-- Material for this exercise follows --
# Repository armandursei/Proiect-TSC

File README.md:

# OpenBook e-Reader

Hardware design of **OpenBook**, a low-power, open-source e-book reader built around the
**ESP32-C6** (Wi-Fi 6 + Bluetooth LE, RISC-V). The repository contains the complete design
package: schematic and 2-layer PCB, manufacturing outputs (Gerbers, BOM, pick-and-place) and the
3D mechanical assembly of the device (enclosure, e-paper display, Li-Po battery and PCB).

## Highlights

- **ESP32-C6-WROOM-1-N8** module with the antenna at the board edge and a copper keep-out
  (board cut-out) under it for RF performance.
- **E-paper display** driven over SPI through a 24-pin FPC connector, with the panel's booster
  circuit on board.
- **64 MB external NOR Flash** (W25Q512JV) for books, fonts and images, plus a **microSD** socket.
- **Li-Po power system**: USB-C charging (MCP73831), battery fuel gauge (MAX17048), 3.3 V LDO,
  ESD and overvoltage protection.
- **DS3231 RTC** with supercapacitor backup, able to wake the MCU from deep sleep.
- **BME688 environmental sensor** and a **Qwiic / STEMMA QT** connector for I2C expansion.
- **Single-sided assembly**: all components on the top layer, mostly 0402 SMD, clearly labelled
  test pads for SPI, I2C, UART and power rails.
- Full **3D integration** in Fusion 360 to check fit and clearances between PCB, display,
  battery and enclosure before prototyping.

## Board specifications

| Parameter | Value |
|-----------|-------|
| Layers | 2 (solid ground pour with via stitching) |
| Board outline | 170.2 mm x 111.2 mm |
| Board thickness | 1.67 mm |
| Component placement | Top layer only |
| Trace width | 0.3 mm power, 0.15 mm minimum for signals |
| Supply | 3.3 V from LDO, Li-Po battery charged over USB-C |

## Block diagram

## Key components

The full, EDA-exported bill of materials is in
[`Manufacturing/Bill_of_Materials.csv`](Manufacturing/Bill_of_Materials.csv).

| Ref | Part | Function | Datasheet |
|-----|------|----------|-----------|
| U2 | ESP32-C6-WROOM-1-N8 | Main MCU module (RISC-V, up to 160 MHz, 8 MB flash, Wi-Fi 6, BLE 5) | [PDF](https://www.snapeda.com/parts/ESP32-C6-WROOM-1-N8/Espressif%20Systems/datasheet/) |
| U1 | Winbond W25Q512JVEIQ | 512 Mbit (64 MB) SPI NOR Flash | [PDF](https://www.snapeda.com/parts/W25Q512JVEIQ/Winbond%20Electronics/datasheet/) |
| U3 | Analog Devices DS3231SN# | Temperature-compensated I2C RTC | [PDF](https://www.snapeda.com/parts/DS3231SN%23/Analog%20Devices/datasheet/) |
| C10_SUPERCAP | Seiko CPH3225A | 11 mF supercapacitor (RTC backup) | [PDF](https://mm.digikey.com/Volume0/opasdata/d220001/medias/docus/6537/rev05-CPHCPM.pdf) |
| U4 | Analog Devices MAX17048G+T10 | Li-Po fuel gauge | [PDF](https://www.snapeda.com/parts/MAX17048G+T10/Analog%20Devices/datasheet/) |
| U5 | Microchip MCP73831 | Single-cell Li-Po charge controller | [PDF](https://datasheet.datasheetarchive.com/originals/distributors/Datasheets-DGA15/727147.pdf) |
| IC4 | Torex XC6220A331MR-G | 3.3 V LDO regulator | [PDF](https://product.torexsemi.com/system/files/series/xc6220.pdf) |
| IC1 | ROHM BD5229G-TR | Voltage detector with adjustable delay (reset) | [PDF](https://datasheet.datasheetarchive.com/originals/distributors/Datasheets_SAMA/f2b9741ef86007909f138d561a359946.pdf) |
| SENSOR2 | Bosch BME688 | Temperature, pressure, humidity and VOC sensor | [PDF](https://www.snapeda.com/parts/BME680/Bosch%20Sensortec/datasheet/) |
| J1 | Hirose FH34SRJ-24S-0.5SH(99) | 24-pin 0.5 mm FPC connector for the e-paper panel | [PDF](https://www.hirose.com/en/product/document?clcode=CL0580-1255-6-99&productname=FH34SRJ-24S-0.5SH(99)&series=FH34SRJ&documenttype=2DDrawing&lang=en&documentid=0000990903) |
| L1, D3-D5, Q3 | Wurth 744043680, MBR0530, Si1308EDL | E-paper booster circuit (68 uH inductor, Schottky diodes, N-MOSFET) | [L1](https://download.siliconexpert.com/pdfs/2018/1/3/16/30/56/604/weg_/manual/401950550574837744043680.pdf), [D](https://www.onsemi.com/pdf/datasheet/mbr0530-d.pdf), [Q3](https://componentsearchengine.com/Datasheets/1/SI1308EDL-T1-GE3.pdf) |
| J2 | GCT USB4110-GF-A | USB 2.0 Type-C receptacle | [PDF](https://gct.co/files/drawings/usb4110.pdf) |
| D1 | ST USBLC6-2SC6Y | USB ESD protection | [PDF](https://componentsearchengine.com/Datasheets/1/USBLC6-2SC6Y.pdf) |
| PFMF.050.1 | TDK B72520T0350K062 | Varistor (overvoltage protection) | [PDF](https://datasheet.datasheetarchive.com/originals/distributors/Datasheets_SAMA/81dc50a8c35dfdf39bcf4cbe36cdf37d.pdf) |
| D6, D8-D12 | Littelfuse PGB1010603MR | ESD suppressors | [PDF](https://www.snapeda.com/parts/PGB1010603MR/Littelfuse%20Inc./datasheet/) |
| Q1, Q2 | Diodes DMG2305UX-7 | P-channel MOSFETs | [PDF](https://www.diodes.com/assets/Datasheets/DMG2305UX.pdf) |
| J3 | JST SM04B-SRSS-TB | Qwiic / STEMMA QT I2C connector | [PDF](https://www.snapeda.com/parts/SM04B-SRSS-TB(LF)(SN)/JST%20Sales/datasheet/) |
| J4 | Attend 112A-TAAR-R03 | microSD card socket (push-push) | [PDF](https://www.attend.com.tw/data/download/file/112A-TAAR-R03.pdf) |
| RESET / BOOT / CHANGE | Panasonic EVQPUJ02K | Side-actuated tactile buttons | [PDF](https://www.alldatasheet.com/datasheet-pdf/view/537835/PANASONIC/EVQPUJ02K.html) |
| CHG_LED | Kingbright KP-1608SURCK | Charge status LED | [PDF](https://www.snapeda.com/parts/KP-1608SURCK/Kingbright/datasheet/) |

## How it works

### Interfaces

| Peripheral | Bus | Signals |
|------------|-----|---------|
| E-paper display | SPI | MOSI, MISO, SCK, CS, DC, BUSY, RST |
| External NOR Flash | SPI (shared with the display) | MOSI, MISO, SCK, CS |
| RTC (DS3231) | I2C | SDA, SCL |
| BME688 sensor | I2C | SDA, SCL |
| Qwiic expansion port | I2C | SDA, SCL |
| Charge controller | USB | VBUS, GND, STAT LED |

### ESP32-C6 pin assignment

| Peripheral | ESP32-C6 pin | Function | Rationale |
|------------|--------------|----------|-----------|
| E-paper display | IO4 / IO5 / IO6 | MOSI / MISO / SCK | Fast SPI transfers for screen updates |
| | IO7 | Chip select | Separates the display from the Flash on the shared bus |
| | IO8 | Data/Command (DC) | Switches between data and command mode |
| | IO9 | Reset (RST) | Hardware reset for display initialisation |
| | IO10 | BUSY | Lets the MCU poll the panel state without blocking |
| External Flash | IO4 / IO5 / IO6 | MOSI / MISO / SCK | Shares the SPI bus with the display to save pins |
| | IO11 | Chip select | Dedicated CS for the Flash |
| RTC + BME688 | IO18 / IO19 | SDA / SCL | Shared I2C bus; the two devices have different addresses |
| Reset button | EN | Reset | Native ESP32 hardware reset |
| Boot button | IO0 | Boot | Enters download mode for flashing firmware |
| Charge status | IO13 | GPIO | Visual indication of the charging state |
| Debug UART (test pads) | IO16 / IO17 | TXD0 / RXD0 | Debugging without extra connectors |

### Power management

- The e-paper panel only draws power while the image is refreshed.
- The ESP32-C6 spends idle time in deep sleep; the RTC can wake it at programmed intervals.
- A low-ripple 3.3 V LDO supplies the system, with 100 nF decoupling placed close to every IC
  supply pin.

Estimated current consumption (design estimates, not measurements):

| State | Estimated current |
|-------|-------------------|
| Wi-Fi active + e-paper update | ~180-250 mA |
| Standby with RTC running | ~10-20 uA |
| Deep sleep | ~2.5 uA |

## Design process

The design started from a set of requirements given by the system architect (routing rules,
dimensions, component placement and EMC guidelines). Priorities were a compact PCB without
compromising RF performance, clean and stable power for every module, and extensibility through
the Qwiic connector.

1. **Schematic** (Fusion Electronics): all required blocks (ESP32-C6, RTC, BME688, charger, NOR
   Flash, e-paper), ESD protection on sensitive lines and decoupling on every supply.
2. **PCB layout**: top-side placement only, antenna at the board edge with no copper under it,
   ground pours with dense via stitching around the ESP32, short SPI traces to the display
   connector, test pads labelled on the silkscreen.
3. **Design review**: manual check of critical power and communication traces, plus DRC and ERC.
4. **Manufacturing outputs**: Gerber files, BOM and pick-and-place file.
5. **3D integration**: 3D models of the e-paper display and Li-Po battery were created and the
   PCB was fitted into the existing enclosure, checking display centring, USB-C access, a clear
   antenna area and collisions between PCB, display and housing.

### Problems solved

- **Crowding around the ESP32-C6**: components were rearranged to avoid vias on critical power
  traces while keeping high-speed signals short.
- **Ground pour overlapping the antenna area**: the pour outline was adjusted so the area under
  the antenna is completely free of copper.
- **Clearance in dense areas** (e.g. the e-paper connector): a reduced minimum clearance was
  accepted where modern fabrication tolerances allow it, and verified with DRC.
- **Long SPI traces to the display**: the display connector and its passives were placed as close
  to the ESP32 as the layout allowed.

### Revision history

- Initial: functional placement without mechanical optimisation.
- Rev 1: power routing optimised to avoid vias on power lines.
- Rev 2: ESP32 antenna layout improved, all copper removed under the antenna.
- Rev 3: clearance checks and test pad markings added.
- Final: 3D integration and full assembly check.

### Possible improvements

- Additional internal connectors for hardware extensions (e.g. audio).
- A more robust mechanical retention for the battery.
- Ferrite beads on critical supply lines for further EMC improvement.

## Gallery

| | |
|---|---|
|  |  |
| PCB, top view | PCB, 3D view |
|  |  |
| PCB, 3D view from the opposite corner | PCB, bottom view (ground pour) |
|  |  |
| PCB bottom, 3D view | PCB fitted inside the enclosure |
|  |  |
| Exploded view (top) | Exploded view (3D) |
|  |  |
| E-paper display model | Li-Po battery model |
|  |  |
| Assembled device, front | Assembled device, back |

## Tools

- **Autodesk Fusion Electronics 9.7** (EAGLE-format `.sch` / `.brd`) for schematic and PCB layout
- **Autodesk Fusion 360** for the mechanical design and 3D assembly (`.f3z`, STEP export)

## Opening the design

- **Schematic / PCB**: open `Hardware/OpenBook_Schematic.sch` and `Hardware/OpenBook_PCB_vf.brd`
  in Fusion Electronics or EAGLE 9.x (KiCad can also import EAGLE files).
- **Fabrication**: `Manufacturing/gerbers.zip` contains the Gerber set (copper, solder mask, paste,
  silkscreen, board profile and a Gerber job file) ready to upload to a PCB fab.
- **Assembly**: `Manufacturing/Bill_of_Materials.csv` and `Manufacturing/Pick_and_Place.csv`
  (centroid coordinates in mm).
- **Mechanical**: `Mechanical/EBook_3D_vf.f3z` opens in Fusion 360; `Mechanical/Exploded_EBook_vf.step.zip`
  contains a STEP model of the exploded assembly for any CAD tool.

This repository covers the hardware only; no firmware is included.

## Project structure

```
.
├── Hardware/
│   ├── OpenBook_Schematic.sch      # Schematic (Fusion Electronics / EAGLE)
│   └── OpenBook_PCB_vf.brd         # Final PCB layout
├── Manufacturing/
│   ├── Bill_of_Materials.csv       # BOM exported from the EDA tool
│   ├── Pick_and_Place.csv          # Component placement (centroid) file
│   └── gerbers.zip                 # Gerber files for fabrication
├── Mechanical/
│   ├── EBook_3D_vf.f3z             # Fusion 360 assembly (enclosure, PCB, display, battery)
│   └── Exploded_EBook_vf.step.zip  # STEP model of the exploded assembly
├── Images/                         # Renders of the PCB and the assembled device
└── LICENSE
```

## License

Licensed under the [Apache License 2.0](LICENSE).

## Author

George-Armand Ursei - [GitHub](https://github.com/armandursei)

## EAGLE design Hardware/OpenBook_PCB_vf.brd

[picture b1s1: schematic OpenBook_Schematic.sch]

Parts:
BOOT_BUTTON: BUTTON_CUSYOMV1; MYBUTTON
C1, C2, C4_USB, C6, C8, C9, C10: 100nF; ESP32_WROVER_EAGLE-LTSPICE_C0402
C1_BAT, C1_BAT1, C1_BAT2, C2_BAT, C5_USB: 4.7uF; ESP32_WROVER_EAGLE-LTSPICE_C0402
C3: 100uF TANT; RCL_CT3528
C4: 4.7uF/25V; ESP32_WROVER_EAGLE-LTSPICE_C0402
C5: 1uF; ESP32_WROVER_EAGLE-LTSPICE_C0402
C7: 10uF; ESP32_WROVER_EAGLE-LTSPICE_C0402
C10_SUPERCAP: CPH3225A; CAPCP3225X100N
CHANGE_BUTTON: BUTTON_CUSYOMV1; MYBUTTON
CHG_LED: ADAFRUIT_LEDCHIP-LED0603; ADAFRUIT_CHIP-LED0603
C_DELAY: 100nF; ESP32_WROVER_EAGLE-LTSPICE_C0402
-- Material for this exercise concluded --
### Exercise objective
If a line in the data above holds the string "series", report that line.

### Answer to the problem
| IC4 | Torex XC6220A331MR-G | 3.3 V LDO regulator | [PDF](https://product.torexsemi.com/system/files/series/xc6220.pdf) |
| J1 | Hirose FH34SRJ-24S-0.5SH(99) | 24-pin 0.5 mm FPC connector for the e-paper panel | [PDF](https://www.hirose.com/en/product/document?clcode=CL0580-1255-6-99&productname=FH34SRJ-24S-0.5SH(99)&series=FH34SRJ&documenttype=2DDrawing&lang=en&documentid=0000990903) |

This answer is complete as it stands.